Some style issues that you're opportunistically cleaning up are
due to my newness, for sure.

> before that
> change, it extended up to GIT_SHA1_HEXSZ, which was the correct
> limit because the loop is adding one output letter per iteration
> and back then SHA256 was not in the picture.
> 
> Pass the max length of the hash being in use in the current
> repository down the code path, and use it to compute the code to
> update the abbreviation length required to make it unique.
> 
> Signed-off-by: Junio C Hamano <gitster@xxxxxxxxx>
> ---
>  object-name.c | 6 ++++--
>  1 file changed, 4 insertions(+), 2 deletions(-)
> 
> diff --git a/object-name.c b/object-name.c
> index 11aa0e6afc..8f9af57c0a 100644
> --- a/object-name.c
> +++ b/object-name.c
> @@ -680,6 +680,7 @@ static unsigned msb(unsigned long val)
>  struct min_abbrev_data {
>  	unsigned int init_len;
>  	unsigned int cur_len;
> +	unsigned int max_len;
>  	char *hex;
>  	struct repository *repo;
>  	const struct object_id *oid;
> @@ -699,12 +700,12 @@ static inline char get_hex_char_from_oid(const struct object_id *oid,
>  static int extend_abbrev_len(const struct object_id *oid, void *cb_data)
>  {
>  	struct min_abbrev_data *mad = cb_data;
> -
>  	unsigned int i = mad->init_len;
> +
>  	while (mad->hex[i] && mad->hex[i] == get_hex_char_from_oid(oid, i))
>  		i++;
>  
> -	if (i < GIT_MAX_RAWSZ && i >= mad->cur_len)
> +	if (mad->cur_len <= i && i < mad->max_len)
>  		mad->cur_len = i + 1;

This logic is all about not extending the abbreviation
length to beyond the length of the hex array, so your
limits make sense.
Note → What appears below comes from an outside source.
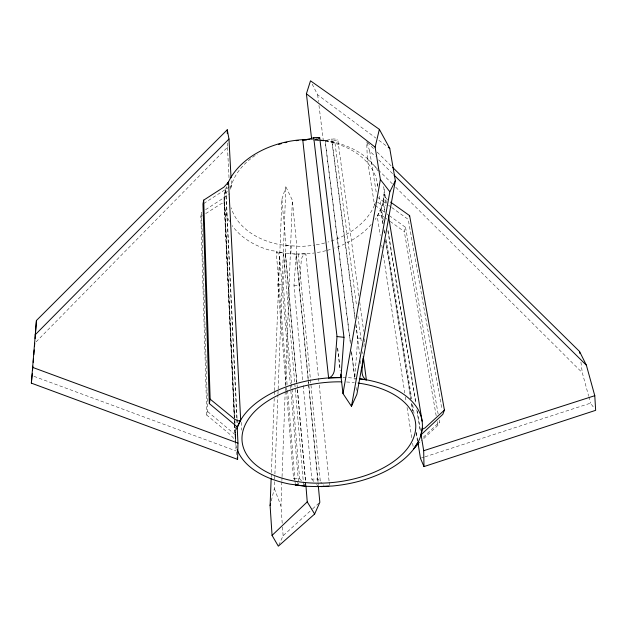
<?xml version="1.0" encoding="UTF-8"?>
<svg xmlns="http://www.w3.org/2000/svg" width="627" height="627" viewBox="0 0 627 627"><rect width="100%" height="100%" fill="white"/><g stroke="black" fill="none" stroke-linecap="round" stroke-linejoin="round"><path stroke-width="0.47" stroke-dasharray="3.13 2.35" d="M271.279 500.879L274.352 488.613L274.877 474.937M274.908 473.965L277.926 394.822M277.957 393.85L278.106 389.939M278.145 388.959L285.849 186.721L292.339 200.193L296.775 246.309L296.163 254.186L308.539 383.559M282.213 523.224L280.967 505.942L281.876 481.52M281.907 480.541L282.017 477.617M282.056 476.638L285.214 391.656M285.254 390.676L285.395 386.773M285.434 385.793L292.339 200.193M271.185 477.351L271.342 473.456M271.373 472.484L274.226 398.474M274.375 394.579L274.485 391.656M274.524 390.684L281.891 199.394L285.849 186.721M291.547 383.089L283.208 284.58L286.014 245.51L281.891 199.394M286.414 390.543L277.832 284.525L279.689 259.076C280.449 254.233 276.429 250.392 271.593 250.737A80.264 57.041 -6 0 1 232.139 225.571M290.779 253.817L291.343 246.082L280.042 244.679A74.299 52.966 -6 0 1 231.198 207.811M302.669 379.758L293.985 285.277L296.265 254.013L308.218 253.692A80.264 57.041 -6 0 0 313.829 253.049M356.003 324.574L357.774 338.11L354.749 378.316L351.465 352.115M363.934 346.747L364.232 342.906M364.303 341.95L364.6 338.118M387.455 199.723L385.041 196.854L384.045 194.158L383.081 201.306L384.798 211.926M205.617 209.661L224.333 197.45L234.302 417.441M206.816 415.121L200.859 216.723L201.549 212.318L207.655 411.555L206.816 415.121L229.482 434.009L232.821 437.301L235 440.538M235.227 427.191L235.431 440.052M234.49 417.794L224.074 197.387L225.618 189.127L236.787 418.703M237.069 418.342L225.877 189.182L226.276 187.645M231.191 180.709L231.449 185.561L230.375 189.667L231.128 186.156A74.299 52.966 -6 0 1 257.25 154.14M436.173 415.756L404.274 231.567L405.551 227.335L389.947 216.064M376.968 196.925L383.324 201.361L380.832 209.363L383.168 224.011M375.361 202.545L374.468 204.904L367.336 158.992L366.693 141.812M375.236 205.46L380.589 209.308L377.235 216.096L380.244 235.431M278.725 545.302L283.114 535.701L311.917 509.5M439.198 420.066L439.535 421.995L437.842 425.396L421.493 440.648M36.115 341.848L227.476 147.282L227.421 142.423M419.095 442.921L420.074 441.98M423.319 437.278L439.535 421.995M312.638 508.842L319.119 502.948M377.235 216.096C379.186 214.254 382.094 215.704 383.959 216.966M355.047 318.924L331.895 141.373L337.804 139.703L358.981 296.493M203.783 203.493L229.059 187.112M229.858 186.595L231.449 185.561M224.842 193.265L228.009 191.211M200.859 216.723L202.474 215.672M205.711 213.58L220.884 203.885L223.173 203.485L224.278 204.653M224.074 197.387L229.827 193.806M421.375 457.992L424.166 457.091M425.098 456.793L590.571 403.161L593.957 407.942M315.083 139.1L316.941 138.598M313.422 140.08L319.214 139.899L315.02 139.539M321.455 140.785C326.949 141.326 332.216 137.391 337.804 139.703M350.375 343.384L325.099 140.597M305.192 253.857L298.562 254.076M318.014 481.748L296.265 254.013L285.379 253.441L296.892 383.975M277.832 284.525L283.208 284.58M303.209 385.605L311.799 479.122L317.834 478.965L322.137 483.558M357.774 338.11L362.179 338.188M311.023 139.492L313.234 139.602M293.742 254.021L296.163 254.186M301.516 480.909L299.635 478.675L293.507 478.087L286.492 391.514M321.729 140.119L325.076 140.401L350.328 341.754M315.154 140.072L319.276 140.479M320.099 140.558L322.568 140.801A74.299 52.966 -6 0 1 377.744 187.16M293.985 285.277L299.385 285.912L301.266 260.542C301.501 257.76 302.896 254.578 305.843 253.833L318.453 377.313M287.103 384.5L276.256 251.795L285.849 253.418M324.966 140.605L334.896 142.47L356.606 306.235M317.623 140.315L320.499 140.667M281.672 252.744L276.256 251.795M334.896 142.47L331.895 141.373M286.014 245.51L300.576 246.356A74.299 52.966 -6 0 0 314.48 245.126M33.952 376.333L236.05 450.954M323.367 484.867L324.018 485.322M383.081 201.306L387.799 204.692M388.583 205.256L390.942 206.957M391.726 207.521L408.224 219.387L441.972 409.541M384.743 217.53L387.086 219.215M390.213 221.456L404.274 231.567M377.485 202.066L382.078 205.374M382.885 223.768L380.589 209.308L386.052 213.251M386.828 213.815L389.171 215.5M312.183 84.12L317.662 94.818L375.816 138.042M378.912 140.346L387.439 146.679M207.655 411.555L235.603 435.005M367.391 142.501L373.668 148.685M377.156 152.118L391.812 166.555M366.991 142.729L369.664 150.966L375.22 156.46M378.692 159.893L392.588 173.624M367.336 158.992L377.744 169.337M378.442 170.027L392.314 183.821M395.786 187.269L582.303 372.728L588.565 395.786M311.799 479.122L314.19 481.81M316.572 484.506L318.367 486.521M293.507 478.087L294.761 479.561M297.261 482.516L298.703 484.428L290.364 384.907M304.024 483.879L305.278 485.361M274.352 488.613L280.967 505.942M588.816 396.703L590.571 403.161M236.222 451.895L236.74 454.7M405.551 227.335L438.195 414.282M437.176 421.54L437.842 425.396M386.397 203.195L383.708 186.799A80.264 57.041 -6 0 1 375.095 219.521M384.045 194.158L385.934 205.719M383.324 201.361L384.892 211.033M388.019 230.36L416.022 403.357M417.268 411.085L420.56 431.384M387.925 231.238L415.866 404.07M416.806 409.87L420.239 431.11M377.391 183.703L377.697 185.639M379.39 196.259L383.246 220.39M386.326 239.702L411.751 399.007M412.676 404.799L414.063 413.491M384.085 229.795L384.696 233.652M385.621 239.443L410.936 398.521M411.704 403.341L412.927 411.053M416.304 432.262L417.684 440.946M383.959 230.517L384.422 233.409M385.644 241.121L410.779 399.219M411.547 404.039L412.621 410.787M416.148 432.959L417.37 440.671M369.664 150.966L376.506 194.056M381.749 245.102L382.204 248.002M383.254 254.766L404.799 393.019M405.403 396.883L406.155 401.719M407.056 407.519L411.876 438.461M412.629 443.289L413.232 447.161M359.765 302.3L363.684 331.338M357.892 315.922L361.364 342.091M362.649 351.778L362.9 353.714M580.923 362.1L582.303 372.728M331.761 138.888L354.992 316.839M355.807 324.747L359.6 353.855M360.494 360.643L360.995 364.522M351.543 351.473L355.078 379.656M356.05 387.431L356.418 390.347M317.662 94.818L318.492 101.558M318.971 105.407L323.367 141.02M337.663 347.961L340.155 369.303M337.569 348.463L340.171 370.808M318.555 378.285L318.853 381.208M319.253 385.096L329.089 481.356M329.183 482.328L329.481 485.243M298.287 254.084L310.349 378.63M310.443 379.601L320.342 481.763M308.633 384.531L317.905 481.661M317.999 482.633L318.273 485.549M285.481 253.269L296.979 383.849M297.065 384.829L297.41 388.724M297.496 389.696L305.984 486.176M297.41 389.806L305.905 486.105M283.482 253.065L294.721 382.705M294.808 383.677L303.593 485.055M291.626 384.069L291.955 387.972M292.041 388.944L299.635 478.675M279.658 257.086L290.285 383.928M287.581 390.355L294.925 480.133M295.003 481.105L295.239 484.036M282.487 527.064L283.114 535.701M227.476 147.282L229.043 178.295M241.176 422.355L241.575 430.169M237.116 419.314L237.351 424.189M236.834 419.682L237.022 423.586M224.333 197.45L234.764 417.41M234.953 421.32L235.047 423.28M234.529 418.773L234.764 423.648M234.811 424.628L235.548 440.232M235.595 441.204L235.964 449.003M234.49 421.344L234.584 423.296M234.631 424.275L235.407 440.867M224.043 200.82L234.216 416.728M234.396 420.631L234.537 423.562M234.584 424.542L235.227 438.218M346.598 382A87.216 50.129 -6 0 1 354.302 382.603M236.598 447.835A93.94 54.008 -6 0 1 235.603 443.516M235.478 442.646A93.94 54.008 -6 0 1 235.76 432.826M342.938 377.525A93.94 54.008 -6 0 1 357.978 378.543M371.239 224.442A80.264 57.041 -6 0 1 334.653 248.065M330.257 249.483A80.264 57.041 -6 0 1 326.683 250.487M325.774 250.722A80.264 57.041 -6 0 1 315.687 252.775M229.553 221.48A80.264 57.041 -6 0 1 226.676 186.258M314.723 139.547A80.264 57.041 -6 0 1 377.815 170.701M374.499 205.194A74.299 52.966 -6 0 1 328.007 242.061M324.684 242.994A74.299 52.966 -6 0 1 315.342 244.992"/><path stroke-width="0.94" d="M231.034 177.802L228.98 139.022L227.264 129.789L36.437 320.491L31.35 383.136L237.602 459.387L237.97 443.109L237.163 426.509M359.812 378.779A93.94 54.008 -6 0 1 421.375 433.704A93.94 54.008 -6 0 1 332.341 486.019L318.367 486.521L319.841 502.29L314.644 514.03L278.325 546.172L272.063 535.395L270.104 505.597L271.154 478.323M35.096 338.502L35.449 333.76M35.59 331.863L36.437 320.491M340.963 377.611L343.98 337.326L319.723 137.854C313.829 136.333 308.609 140.197 302.747 139.711L328.619 377.956L340.963 377.611L340.735 375.667M313.727 137.626L337.012 336.534L334.536 369.279C334.222 372.877 332.412 376.968 328.619 377.956M363.057 358.252C363.542 364.82 358.762 375.659 366.372 379.884L363.284 356.622M32.275 373.747L31.35 383.136M32.58 369.938L32.886 366.121M33.2 362.312L33.505 358.495M33.819 354.686L34.203 349.921M34.509 346.104L34.744 343.243M203.697 200.138L210.147 399.14L209.316 403.569L237.492 427.112L240.682 420.215L228.526 182.01L223.988 187.073L203.697 200.138L202.968 204.026L209.316 403.569M379.359 129.35L389.759 148.411L395.355 180.733L356.904 394.234L351.457 406.327L342.985 393.552L380.377 179.518L375.126 147.157L379.359 129.35L310.498 80.828L306.399 93.776L311.627 139.029M351.457 406.327L389.829 191.76L395.355 180.733M270.104 505.597L270.574 503.708M444.425 410.105L442.827 414.345L420.866 434.973L422.245 428.178L423.013 428.954L425.106 427.873L444.425 410.105L409.627 215.664L390.597 202.113M227.562 184.424L228.526 182.01M409.298 216.44L409.627 215.664M417.676 442.599L413.538 449.089L418.601 443.399M35.112 334.857L228.98 139.022M272.063 535.395L307.238 501.882L305.984 486.176L289.925 484.13A93.94 54.008 -6 0 1 237.171 449.528M240.682 420.215L238.432 420.882L235.039 419.518L210.147 399.14M417.841 441.91L420.451 458.298L423.993 466.582L595.65 410.332L594.78 395.692L586.37 365.188L579.544 351.473L392.51 167.244M423.993 466.582L423.687 450.711L594.78 395.692M317.865 138.355L319.723 137.854M297.762 484.992L295.325 485.008L305.898 486.293L318.477 486.615M328.83 486.246L321.134 486.615M302.747 139.711L306.423 139.617M343.98 337.326L337.012 336.534M360.008 378.927L366.372 379.884M32.471 367.328L237.97 443.109M388.215 147.259L389.759 148.411M306.399 93.776L375.126 147.157M393.975 174.996L586.37 365.188M380.377 179.518L389.829 191.76M307.238 501.882L314.644 514.03M237.257 457.514L237.602 459.387M388.45 215.735L422.12 421.187M421.023 434.284L423.687 450.711M579.544 351.473L579.795 353.409M340.72 374.154L342.985 393.552M227.264 129.789L227.311 133.676M358.072 383.066A87.216 50.129 -6 0 1 389.257 464.442A87.216 50.129 -6 0 1 246.082 453.603A87.216 50.129 -6 0 1 341.903 381.843M236.63 429.213A93.94 54.008 -6 0 1 341.017 377.501M227.617 183.852A80.264 57.041 -6 0 1 310.185 139.437M278.702 144.422A74.299 52.966 -6 0 1 281.398 143.63M285.042 142.69A74.299 52.966 -6 0 1 286.884 142.274M296.234 140.675A74.299 52.966 -6 0 1 298.131 140.456M302.865 140.064A74.299 52.966 -6 0 1 306.666 139.915"/></g></svg>

Moving the comparisons here helps
with readability.  
>  	return 0;
> @@ -864,6 +865,7 @@ int repo_find_unique_abbrev_r(struct repository *r, char *hex,
>  	mad.repo = r;
>  	mad.init_len = len;
>  	mad.cur_len = len;
> +	mad.max_len = hexsz;

This new parameter required for allowing SHA256 is valuable.

I agree that we shouldn't need a test case to guarantee this
in the future. Good to clean up unnecessary uses of the
macro limits.

Thanks,
-Stolee